O Supremo Tribunal Federal posicionou-se no sentido de admitir a edição de medidas provisórias por Governadores de Estado e Prefeitos, quando autorizados pela Constituição Estadual e Lei Orgânica Municipal, respectivamente. Cumpre registrar que um dos fundamentos para este entendimento foi encontrado no próprio texto constitucional que em seu art. 25, § 2° indicou a possibilidade de sua utilização pelo Estado ao prever a vedação de sua edição para a regulamentação da exploração de serviços locais de gás canalizado. (ADINS 425 E 812 e Informativos 280, 289 e 433 do STF).


O processo legislativo da medida provisória consiste em ato singular a ser praticado pelo Chefe do Poder Executivo e submetido à apreciação posterior do Congresso Nacional. Ao editar a medida provisória o chefe do Poder Executivo deve observar os requisitos constitucionais de relevância e urgência.


A medida provisória é submetida ao Congresso Nacional para a sua conversão em lei ordinária, todo o trâmite deve durar 60 (sessenta) dias, podendo ser prorrogado por igual período uma única vez. Se neste período de 120 (cento e vinte) dias não for convertida em lei perde a sua eficácia desde a sua edição, devendo o Congresso Nacional disciplinar, por decreto legislativo, as relações jurídicas delas decorrentes.
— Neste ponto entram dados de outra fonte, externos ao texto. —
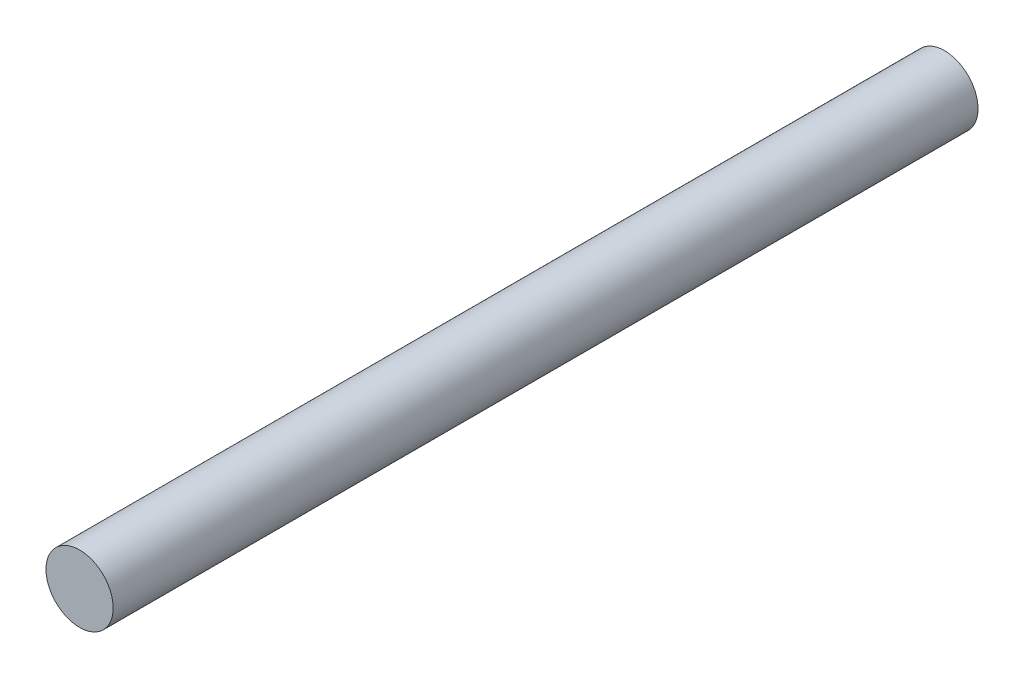
ISO-10303-21;
HEADER;
FILE_DESCRIPTION(('STEP AP214'),'2;1');
FILE_NAME('part.step','',(''),(''),'','','');
FILE_SCHEMA(('AUTOMOTIVE_DESIGN { 1 0 10303 214 1 1 1 1 }'));
ENDSEC;
DATA;
#1=APPLICATION_CONTEXT('core data for automotive mechanical design processes');
#2=APPLICATION_PROTOCOL_DEFINITION('international standard','automotive_design',2000,#1);
#3=PRODUCT_CONTEXT('',#1,'mechanical');
#4=PRODUCT('Part','Part','',(#3));
#5=PRODUCT_RELATED_PRODUCT_CATEGORY('part','',(#4));
#6=PRODUCT_DEFINITION_FORMATION('','',#4);
#7=PRODUCT_DEFINITION_CONTEXT('part definition',#1,'design');
#8=PRODUCT_DEFINITION('design','',#6,#7);
#9=PRODUCT_DEFINITION_SHAPE('','',#8);
#10=(LENGTH_UNIT() NAMED_UNIT(*) SI_UNIT(.MILLI.,.METRE.));
#11=(NAMED_UNIT(*) PLANE_ANGLE_UNIT() SI_UNIT($,.RADIAN.));
#12=(NAMED_UNIT(*) SI_UNIT($,.STERADIAN.) SOLID_ANGLE_UNIT());
#13=UNCERTAINTY_MEASURE_WITH_UNIT(LENGTH_MEASURE(1.E-05),#10,'distance_accuracy_value','');
#14=(GEOMETRIC_REPRESENTATION_CONTEXT(3) GLOBAL_UNCERTAINTY_ASSIGNED_CONTEXT((#13)) GLOBAL_UNIT_ASSIGNED_CONTEXT((#10,
#11,#12)) REPRESENTATION_CONTEXT('',''));
#15=CARTESIAN_POINT('',(0.,0.,0.));
#16=DIRECTION('',(0.,0.,1.));
#17=DIRECTION('',(1.,0.,0.));
#18=AXIS2_PLACEMENT_3D('',#15,#16,#17);
#19=CARTESIAN_POINT('',(0.,0.,20.6));
#20=DIRECTION('',(0.,0.,-1.));
#21=DIRECTION('',(-1.,0.,0.));
#22=AXIS2_PLACEMENT_3D('',#19,#20,#21);
#23=CYLINDRICAL_SURFACE('',#22,0.8);
#24=CARTESIAN_POINT('',(0.,0.,20.6));
#25=DIRECTION('',(0.,0.,1.));
#26=DIRECTION('',(1.,0.,0.));
#27=AXIS2_PLACEMENT_3D('',#24,#25,#26);
#28=CIRCLE('',#27,0.8);
#29=CARTESIAN_POINT('',(-0.8,0.,20.6));
#30=VERTEX_POINT('',#29);
#31=EDGE_CURVE('E10',#30,#30,#28,.T.);
#32=CARTESIAN_POINT('',(0.,0.,0.));
#33=DIRECTION('',(0.,0.,1.));
#34=DIRECTION('',(1.,0.,0.));
#35=AXIS2_PLACEMENT_3D('',#32,#33,#34);
#36=CIRCLE('',#35,0.8);
#37=CARTESIAN_POINT('',(-0.8,0.,0.));
#38=VERTEX_POINT('',#37);
#39=EDGE_CURVE('E38',#38,#38,#36,.T.);
#40=CARTESIAN_POINT('',(-0.8,0.,20.6));
#41=CARTESIAN_POINT('',(-0.8,0.,20.3854166666667));
#42=CARTESIAN_POINT('',(-0.8,0.,20.1708333333333));
#43=CARTESIAN_POINT('',(-0.8,0.,19.7416666666667));
#44=CARTESIAN_POINT('',(-0.8,0.,19.5270833333333));
#45=CARTESIAN_POINT('',(-0.8,0.,19.0979166666667));
#46=CARTESIAN_POINT('',(-0.8,0.,18.8833333333333));
#47=CARTESIAN_POINT('',(-0.8,0.,18.4541666666667));
#48=CARTESIAN_POINT('',(-0.8,0.,18.2395833333333));
#49=CARTESIAN_POINT('',(-0.8,0.,17.8104166666667));
#50=CARTESIAN_POINT('',(-0.8,0.,17.5958333333333));
#51=CARTESIAN_POINT('',(-0.8,0.,17.1666666666667));
#52=CARTESIAN_POINT('',(-0.8,0.,16.9520833333333));
#53=CARTESIAN_POINT('',(-0.8,0.,16.5229166666667));
#54=CARTESIAN_POINT('',(-0.8,0.,16.3083333333333));
#55=CARTESIAN_POINT('',(-0.8,0.,15.8791666666667));
#56=CARTESIAN_POINT('',(-0.8,0.,15.6645833333333));
#57=CARTESIAN_POINT('',(-0.8,0.,15.2354166666667));
#58=CARTESIAN_POINT('',(-0.8,0.,15.0208333333333));
#59=CARTESIAN_POINT('',(-0.8,0.,14.5916666666667));
#60=CARTESIAN_POINT('',(-0.8,0.,14.3770833333333));
#61=CARTESIAN_POINT('',(-0.8,0.,13.9479166666667));
#62=CARTESIAN_POINT('',(-0.8,0.,13.7333333333333));
#63=CARTESIAN_POINT('',(-0.8,0.,13.3041666666667));
#64=CARTESIAN_POINT('',(-0.8,0.,13.0895833333333));
#65=CARTESIAN_POINT('',(-0.8,0.,12.6604166666667));
#66=CARTESIAN_POINT('',(-0.8,0.,12.4458333333333));
#67=CARTESIAN_POINT('',(-0.8,0.,12.0166666666667));
#68=CARTESIAN_POINT('',(-0.8,0.,11.8020833333333));
#69=CARTESIAN_POINT('',(-0.8,0.,11.3729166666667));
#70=CARTESIAN_POINT('',(-0.8,0.,11.1583333333333));
#71=CARTESIAN_POINT('',(-0.8,0.,10.7291666666667));
#72=CARTESIAN_POINT('',(-0.8,0.,10.5145833333333));
#73=CARTESIAN_POINT('',(-0.8,0.,10.0854166666667));
#74=CARTESIAN_POINT('',(-0.8,0.,9.87083333333333));
#75=CARTESIAN_POINT('',(-0.8,0.,9.44166666666666));
#76=CARTESIAN_POINT('',(-0.8,0.,9.22708333333333));
#77=CARTESIAN_POINT('',(-0.8,0.,8.79791666666666));
#78=CARTESIAN_POINT('',(-0.8,0.,8.58333333333333));
#79=CARTESIAN_POINT('',(-0.8,0.,8.15416666666666));
#80=CARTESIAN_POINT('',(-0.8,0.,7.93958333333333));
#81=CARTESIAN_POINT('',(-0.8,0.,7.51041666666666));
#82=CARTESIAN_POINT('',(-0.8,0.,7.29583333333333));
#83=CARTESIAN_POINT('',(-0.8,0.,6.86666666666666));
#84=CARTESIAN_POINT('',(-0.8,0.,6.65208333333333));
#85=CARTESIAN_POINT('',(-0.8,0.,6.22291666666666));
#86=CARTESIAN_POINT('',(-0.8,0.,6.00833333333333));
#87=CARTESIAN_POINT('',(-0.8,0.,5.57916666666666));
#88=CARTESIAN_POINT('',(-0.8,0.,5.36458333333333));
#89=CARTESIAN_POINT('',(-0.8,0.,4.93541666666666));
#90=CARTESIAN_POINT('',(-0.8,0.,4.72083333333333));
#91=CARTESIAN_POINT('',(-0.8,0.,4.29166666666666));
#92=CARTESIAN_POINT('',(-0.8,0.,4.07708333333333));
#93=CARTESIAN_POINT('',(-0.8,0.,3.64791666666666));
#94=CARTESIAN_POINT('',(-0.8,0.,3.43333333333333));
#95=CARTESIAN_POINT('',(-0.8,0.,3.00416666666666));
#96=CARTESIAN_POINT('',(-0.8,0.,2.78958333333333));
#97=CARTESIAN_POINT('',(-0.8,0.,2.36041666666666));
#98=CARTESIAN_POINT('',(-0.8,0.,2.14583333333333));
#99=CARTESIAN_POINT('',(-0.8,0.,1.71666666666666));
#100=CARTESIAN_POINT('',(-0.8,0.,1.50208333333333));
#101=CARTESIAN_POINT('',(-0.8,0.,1.07291666666666));
#102=CARTESIAN_POINT('',(-0.8,0.,0.858333333333329));
#103=CARTESIAN_POINT('',(-0.8,0.,0.429166666666662));
#104=CARTESIAN_POINT('',(-0.8,0.,0.214583333333329));
#105=CARTESIAN_POINT('',(-0.8,0.,0.));
#106=B_SPLINE_CURVE_WITH_KNOTS('',3,(#40,#41,#42,#43,#44,#45,#46,#47,#48,#49,#50,#51,#52,#53,
#54,#55,#56,#57,#58,#59,#60,#61,#62,#63,#64,#65,#66,#67,#68,#69,#70,#71,#72,#73,#74,#75,#76,#77,
#78,#79,#80,#81,#82,#83,#84,#85,#86,#87,#88,#89,#90,#91,#92,#93,#94,#95,#96,#97,#98,#99,#100,
#101,#102,#103,#104,#105),.UNSPECIFIED.,.F.,.F.,(4,2,2,2,2,2,2,2,2,2,2,2,2,2,2,2,2,2,2,2,2,2,2,
2,2,2,2,2,2,2,2,2,4),(0.,0.643749999999998,1.2875,1.93125,2.575,3.21875,3.8625,4.50625,5.15,
5.79375,6.4375,7.08125,7.725,8.36875,9.0125,9.65625,10.3,10.94375,11.5875,12.23125,12.875,
13.51875,14.1625,14.80625,15.45,16.09375,16.7375,17.38125,18.025,18.66875,19.3125,19.95625,
20.6),.UNSPECIFIED.);
#107=EDGE_CURVE('BSEAM35',#30,#38,#106,.T.);
#108=ORIENTED_EDGE('',*,*,#31,.F.);
#109=ORIENTED_EDGE('',*,*,#39,.T.);
#110=ORIENTED_EDGE('',*,*,#107,.T.);
#111=ORIENTED_EDGE('',*,*,#107,.F.);
#112=EDGE_LOOP('',(#108,#110,#109,#111));
#113=FACE_BOUND('',#112,.T.);
#114=ADVANCED_FACE('F35',(#113),#23,.T.);
#115=CARTESIAN_POINT('',(0.,0.,20.6));
#116=DIRECTION('',(0.,0.,1.));
#117=DIRECTION('',(1.,0.,0.));
#118=AXIS2_PLACEMENT_3D('',#115,#116,#117);
#119=PLANE('',#118);
#120=ORIENTED_EDGE('',*,*,#31,.T.);
#121=EDGE_LOOP('',(#120));
#122=FACE_BOUND('',#121,.T.);
#123=ADVANCED_FACE('F50',(#122),#119,.T.);
#124=CARTESIAN_POINT('',(0.,0.,0.));
#125=DIRECTION('',(0.,0.,1.));
#126=DIRECTION('',(1.,0.,0.));
#127=AXIS2_PLACEMENT_3D('',#124,#125,#126);
#128=PLANE('',#127);
#129=ORIENTED_EDGE('',*,*,#39,.F.);
#130=EDGE_LOOP('',(#129));
#131=FACE_BOUND('',#130,.T.);
#132=ADVANCED_FACE('F48',(#131),#128,.F.);
#133=CLOSED_SHELL('',(#114,#123,#132));
#134=MANIFOLD_SOLID_BREP('B2',#133);
#135=ADVANCED_BREP_SHAPE_REPRESENTATION('',(#18,#134),#14);
#136=SHAPE_DEFINITION_REPRESENTATION(#9,#135);
ENDSEC;
END-ISO-10303-21;

Considerando a urgência da matéria tratada pela medida provisória, se esta não for apreciada no prazo de 45 (quarenta e cinco) dias contados de sua publicação, passa a tramitar em regime de urgência, sobrestando todas as demais deliberações legislativas até que esta seja apreciada, é o que se chama de trancamento de pauta e cria grande celeuma entre o poder legislativo e executivo, recebendo severas críticas por parte de deputados e senadores, muitas das quais facilmente presenciadas em veículos de informação, dentre os quais a TV Câmara dos Deputados e TV Senado.


Antes da Emenda Constitucional n° 32/01 a medida provisória era reeditada por um número ilimitado de vezes, com a nova redação passou a ser vedada a reedição de medida provisória, na mesma sessão legislativa que tenha sido rejeitada expressa ou tacitamente. A rejeição expressa se dá com a sua apreciação e não conversão pelos membros do Congresso Nacional através de decreto legislativo; a rejeição tácita ocorre com a não-apreciação no prazo assinalado de sessenta dias, prorrogável por mais sessenta. 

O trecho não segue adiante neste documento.